## Exercise
What is printed must match, line for line, the records from their first line through the line containing "for name, color, linetype, lineweight", with pictures left out.

Top of Provided material

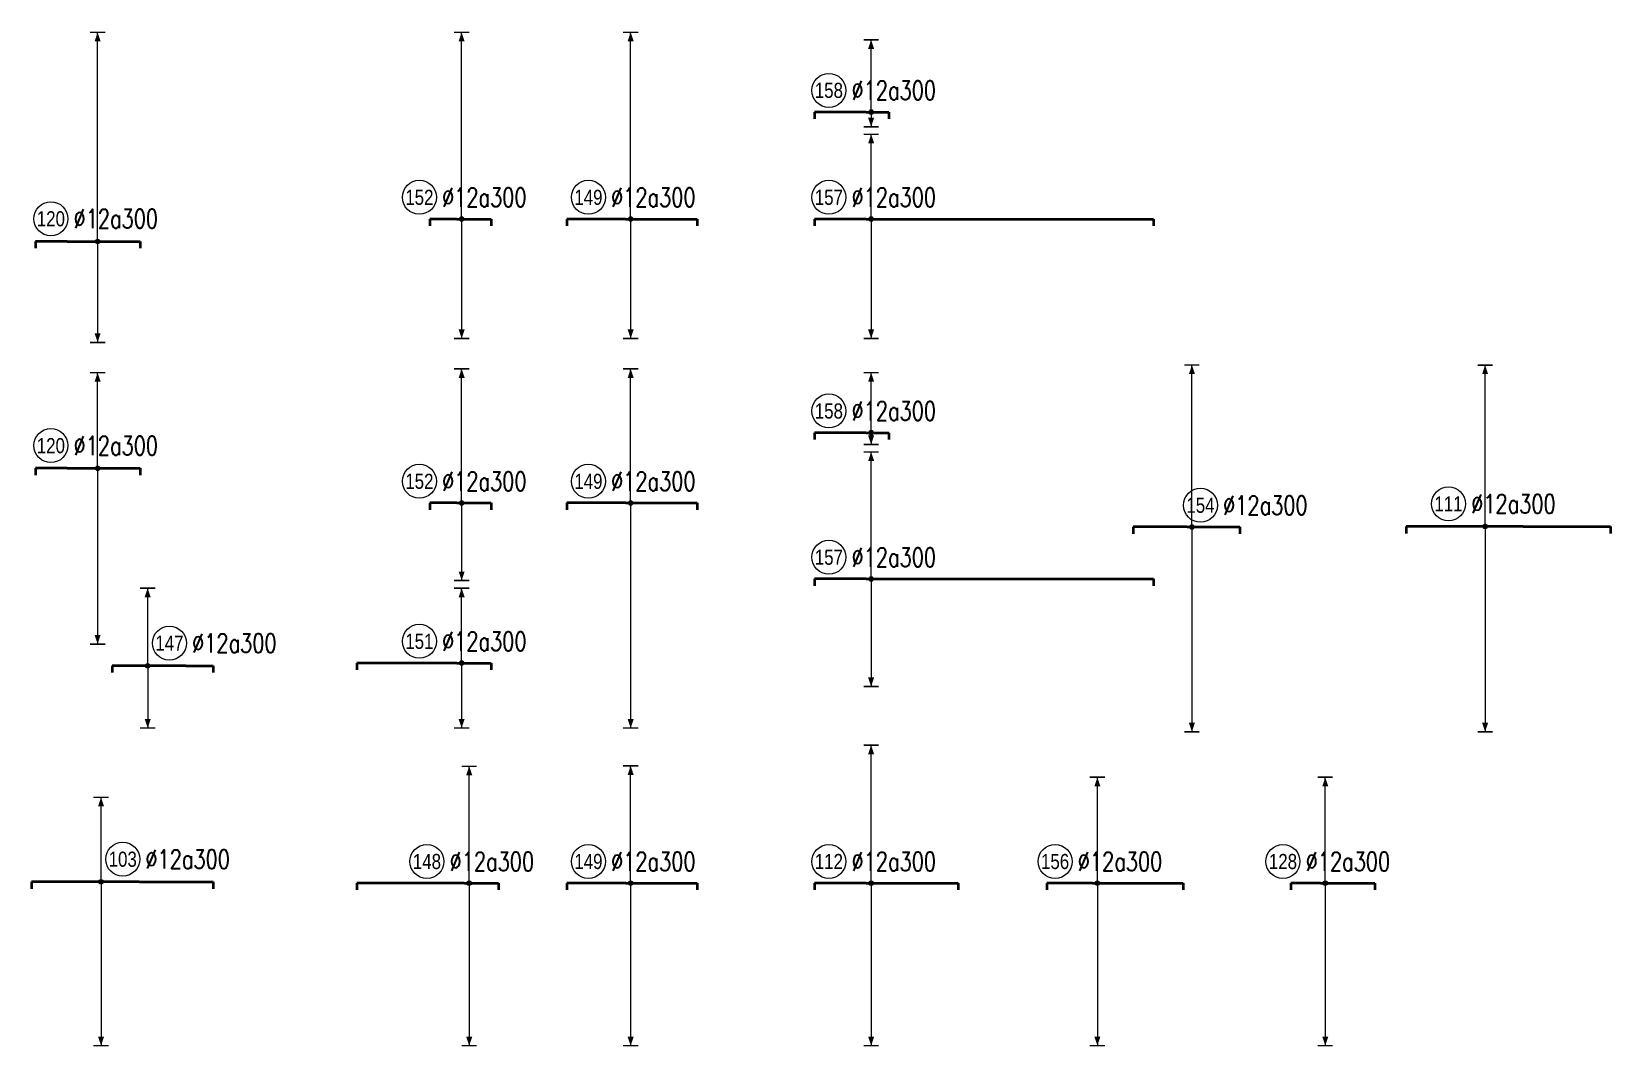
# Model space of a CAD drawing. Header units: millimetres. Extents: x -415354 to 883813, y -531490 to 486716.
# Drawn here: x 111700 to 153450, y -117820 to -90980 of the extents above; entities that cross this region are included whole.
import ezdxf
from ezdxf.enums import TextEntityAlignment as Align

# ---------------------------------------------------------------- set-up
doc = ezdxf.new("R2010")
doc.units = ezdxf.units.MM
doc.header["$MEASUREMENT"] = 0
for name, color, linetype, lineweight in [('NDC_S_DIM', 1, 'Continuous', 15), ('NDC_S_REBAR', 4, 'Continuous', 35), ('NDC_S_VN TEXT', 7, 'Continuous', 20)]:
    doc.layers.add(name, color=color, linetype=linetype, lineweight=lineweight)
doc.styles.add('ARIAL', font='arial.ttf', dxfattribs={"width": 0.8})
doc.styles.add('NDC_EN TXT', font='romans.shx', dxfattribs={"width": 0.8})

# ---------------------------------------------------------------- blocks, each defined once
blk = doc.blocks.new('*U124')
h = blk.add_hatch(color=6)
edge = h.paths.add_edge_path()
edge.add_arc((0.65, 0), 0.3, 0, 360)
at = {"layer": 'NDC_S_DIM', "color": 8}
for q in [(0.65, 24.69), (0.65, -15.81)]:
    blk.add_line((0.65, 0), q, dxfattribs=at)
for points in [[(-0.35, 24.69, 0.2, 0.2, 0), (1.65, 24.69, 0, 0, 0)], [(-0.35, -15.81, 0.2, 0.2, 0), (1.65, -15.81, 0, 0, 0)]]:
    blk.add_lwpolyline(points, format="xyseb", dxfattribs=at)
at = {"layer": 'NDC_S_DIM'}
blk.add_circle((-4.94, 2.87), 2.25, dxfattribs=at)
at = {"layer": 'NDC_S_DIM', "color": 6}
blk.add_circle((0.65, 0), 0.3, dxfattribs=at)
at = {"layer": 'NDC_S_DIM', "color": 8}
for points in [[(0.25, 23.49), (0.65, 24.69), (1.05, 23.49)], [(0.25, -14.61), (0.65, -15.81), (1.05, -14.61)]]:
    blk.add_solid(points, dxfattribs=at)
at = {"layer": 'NDC_S_REBAR'}
for p, q in [((0, 0), (-3.56, 0)), ((-3.56, 0), (-3.56, -0.9)), ((0, 0), (4.54, 0)), ((4.54, 0), (4.54, -0.9)), ((-3.56, -0.9), (-3.56, -0.9)), ((4.54, -0.9), (4.54, -0.9))]:
    blk.add_line(p, q, dxfattribs=at)
at = {"layer": 'NDC_S_VN TEXT', "style": 'ARIAL', "width": 0.8}
blk.add_attdef('KHT', text='', height=2, dxfattribs=at).set_placement((-4.94, 2.87), align=Align.MIDDLE_CENTER)
at = {"layer": 'NDC_S_VN TEXT', "color": 3, "style": 'NDC_EN TXT', "width": 0.75}
blk.add_attdef('DKT', (-1.94, 1.62), '', height=2.5, dxfattribs=at)
blk = doc.blocks.new('*U125')
h = blk.add_hatch(color=6)
edge = h.paths.add_edge_path()
edge.add_arc((0.65, 0), 0.3, 0, 360)
at = {"layer": 'NDC_S_DIM', "color": 8}
for q in [(0.65, 24.69), (0.65, -15.81)]:
    blk.add_line((0.65, 0), q, dxfattribs=at)
for points in [[(-0.35, 24.69, 0.2, 0.2, 0), (1.65, 24.69, 0, 0, 0)], [(-0.35, -15.81, 0.2, 0.2, 0), (1.65, -15.81, 0, 0, 0)]]:
    blk.add_lwpolyline(points, format="xyseb", dxfattribs=at)
at = {"layer": 'NDC_S_DIM'}
blk.add_circle((-4.94, 2.87), 2.25, dxfattribs=at)
at = {"layer": 'NDC_S_DIM', "color": 6}
blk.add_circle((0.65, 0), 0.3, dxfattribs=at)
at = {"layer": 'NDC_S_DIM', "color": 8}
for points in [[(0.25, 23.49), (0.65, 24.69), (1.05, 23.49)], [(0.25, -14.61), (0.65, -15.81), (1.05, -14.61)]]:
    blk.add_solid(points, dxfattribs=at)
at = {"layer": 'NDC_S_REBAR'}
for p, q in [((0, 0), (-7.81, 0)), ((-7.81, 0), (-7.81, -0.9)), ((0, 0), (9.44, 0)), ((9.44, 0), (9.44, -0.9)), ((-7.81, -0.9), (-7.81, -0.9)), ((9.44, -0.9), (9.44, -0.9))]:
    blk.add_line(p, q, dxfattribs=at)
at = {"layer": 'NDC_S_VN TEXT', "style": 'ARIAL', "width": 0.8}
blk.add_attdef('KHT', text='', height=2, dxfattribs=at).set_placement((-4.94, 2.87), align=Align.MIDDLE_CENTER)
at = {"layer": 'NDC_S_VN TEXT', "color": 3, "style": 'NDC_EN TXT', "width": 0.75}
blk.add_attdef('DKT', (-1.94, 1.62), '', height=2.5, dxfattribs=at)
blk = doc.blocks.new('*U126')
h = blk.add_hatch(color=6)
edge = h.paths.add_edge_path()
edge.add_arc((0.65, 0), 0.3, 0, 360)
at = {"layer": 'NDC_S_DIM', "color": 8}
for q in [(0.65, 11.19), (0.65, -15.81)]:
    blk.add_line((0.65, 0), q, dxfattribs=at)
for points in [[(-0.35, 11.19, 0.2, 0.2, 0), (1.65, 11.19, 0, 0, 0)], [(-0.35, -15.81, 0.2, 0.2, 0), (1.65, -15.81, 0, 0, 0)]]:
    blk.add_lwpolyline(points, format="xyseb", dxfattribs=at)
at = {"layer": 'NDC_S_DIM'}
blk.add_circle((-4.94, 2.87), 2.25, dxfattribs=at)
at = {"layer": 'NDC_S_DIM', "color": 6}
blk.add_circle((0.65, 0), 0.3, dxfattribs=at)
at = {"layer": 'NDC_S_DIM', "color": 8}
for points in [[(0.25, 9.99), (0.65, 11.19), (1.05, 9.99)], [(0.25, -14.61), (0.65, -15.81), (1.05, -14.61)]]:
    blk.add_solid(points, dxfattribs=at)
at = {"layer": 'NDC_S_REBAR'}
for p, q in [((0, 0), (-6.85, 0)), ((-6.85, 0), (-6.85, -0.9)), ((0, 0), (38, 0)), ((38, 0), (38, -0.9)), ((-6.85, -0.9), (-6.85, -0.9)), ((38, -0.9), (38, -0.9))]:
    blk.add_line(p, q, dxfattribs=at)
at = {"layer": 'NDC_S_VN TEXT', "style": 'ARIAL', "width": 0.8}
blk.add_attdef('KHT', text='', height=2, dxfattribs=at).set_placement((-4.94, 2.87), align=Align.MIDDLE_CENTER)
at = {"layer": 'NDC_S_VN TEXT', "color": 3, "style": 'NDC_EN TXT', "width": 0.75}
blk.add_attdef('DKT', (-1.94, 1.62), '', height=2.5, dxfattribs=at)
blk = doc.blocks.new('*U122')
h = blk.add_hatch(color=6)
edge = h.paths.add_edge_path()
edge.add_arc((0.65, 0), 0.3, 0, 360)
at = {"layer": 'NDC_S_DIM', "color": 8}
for q in [(0.65, 17.74), (0.65, -10.26)]:
    blk.add_line((0.65, 0), q, dxfattribs=at)
for points in [[(-0.35, 17.74, 0.2, 0.2, 0), (1.65, 17.74, 0, 0, 0)], [(-0.35, -10.26, 0.2, 0.2, 0), (1.65, -10.26, 0, 0, 0)]]:
    blk.add_lwpolyline(points, format="xyseb", dxfattribs=at)
at = {"layer": 'NDC_S_DIM'}
blk.add_circle((-4.94, 2.87), 2.25, dxfattribs=at)
at = {"layer": 'NDC_S_DIM', "color": 6}
blk.add_circle((0.65, 0), 0.3, dxfattribs=at)
at = {"layer": 'NDC_S_DIM', "color": 8}
for points in [[(0.25, 16.54), (0.65, 17.74), (1.05, 16.54)], [(0.25, -9.06), (0.65, -10.26), (1.05, -9.06)]]:
    blk.add_solid(points, dxfattribs=at)
at = {"layer": 'NDC_S_REBAR'}
for p, q in [((0, 0), (-3.56, 0)), ((-3.56, 0), (-3.56, -0.9)), ((0, 0), (4.54, 0)), ((4.54, 0), (4.54, -0.9)), ((-3.56, -0.9), (-3.56, -0.9)), ((4.54, -0.9), (4.54, -0.9))]:
    blk.add_line(p, q, dxfattribs=at)
at = {"layer": 'NDC_S_VN TEXT', "style": 'ARIAL', "width": 0.8}
blk.add_attdef('KHT', text='', height=2, dxfattribs=at).set_placement((-4.94, 2.87), align=Align.MIDDLE_CENTER)
at = {"layer": 'NDC_S_VN TEXT', "color": 3, "style": 'NDC_EN TXT', "width": 0.75}
blk.add_attdef('DKT', (-1.94, 1.62), '', height=2.5, dxfattribs=at)
blk = doc.blocks.new('*U123')
h = blk.add_hatch(color=6)
edge = h.paths.add_edge_path()
edge.add_arc((0.65, 0), 0.3, 0, 360)
at = {"layer": 'NDC_S_DIM', "color": 8}
for q in [(0.65, 17.74), (0.65, -29.76)]:
    blk.add_line((0.65, 0), q, dxfattribs=at)
for points in [[(-0.35, 17.74, 0.2, 0.2, 0), (1.65, 17.74, 0, 0, 0)], [(-0.35, -29.76, 0.2, 0.2, 0), (1.65, -29.76, 0, 0, 0)]]:
    blk.add_lwpolyline(points, format="xyseb", dxfattribs=at)
at = {"layer": 'NDC_S_DIM'}
blk.add_circle((-4.94, 2.87), 2.25, dxfattribs=at)
at = {"layer": 'NDC_S_DIM', "color": 6}
blk.add_circle((0.65, 0), 0.3, dxfattribs=at)
at = {"layer": 'NDC_S_DIM', "color": 8}
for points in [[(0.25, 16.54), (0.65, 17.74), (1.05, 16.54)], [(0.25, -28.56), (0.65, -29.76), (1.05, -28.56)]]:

Bottom of Provided material

## Reply to the exercise
# Model space of a CAD drawing. Header units: millimetres. Extents: x -415354 to 883813, y -531490 to 486716.
# Drawn here: x 111700 to 153450, y -117820 to -90980 of the extents above; entities that cross this region are included whole.
import ezdxf
from ezdxf.enums import TextEntityAlignment as Align

# ---------------------------------------------------------------- set-up
doc = ezdxf.new("R2010")
doc.units = ezdxf.units.MM
doc.header["$MEASUREMENT"] = 0
for name, color, linetype, lineweight in [('NDC_S_DIM', 1, 'Continuous', 15), ('NDC_S_REBAR', 4, 'Continuous', 35), ('NDC_S_VN TEXT', 7, 'Continuous', 20)]:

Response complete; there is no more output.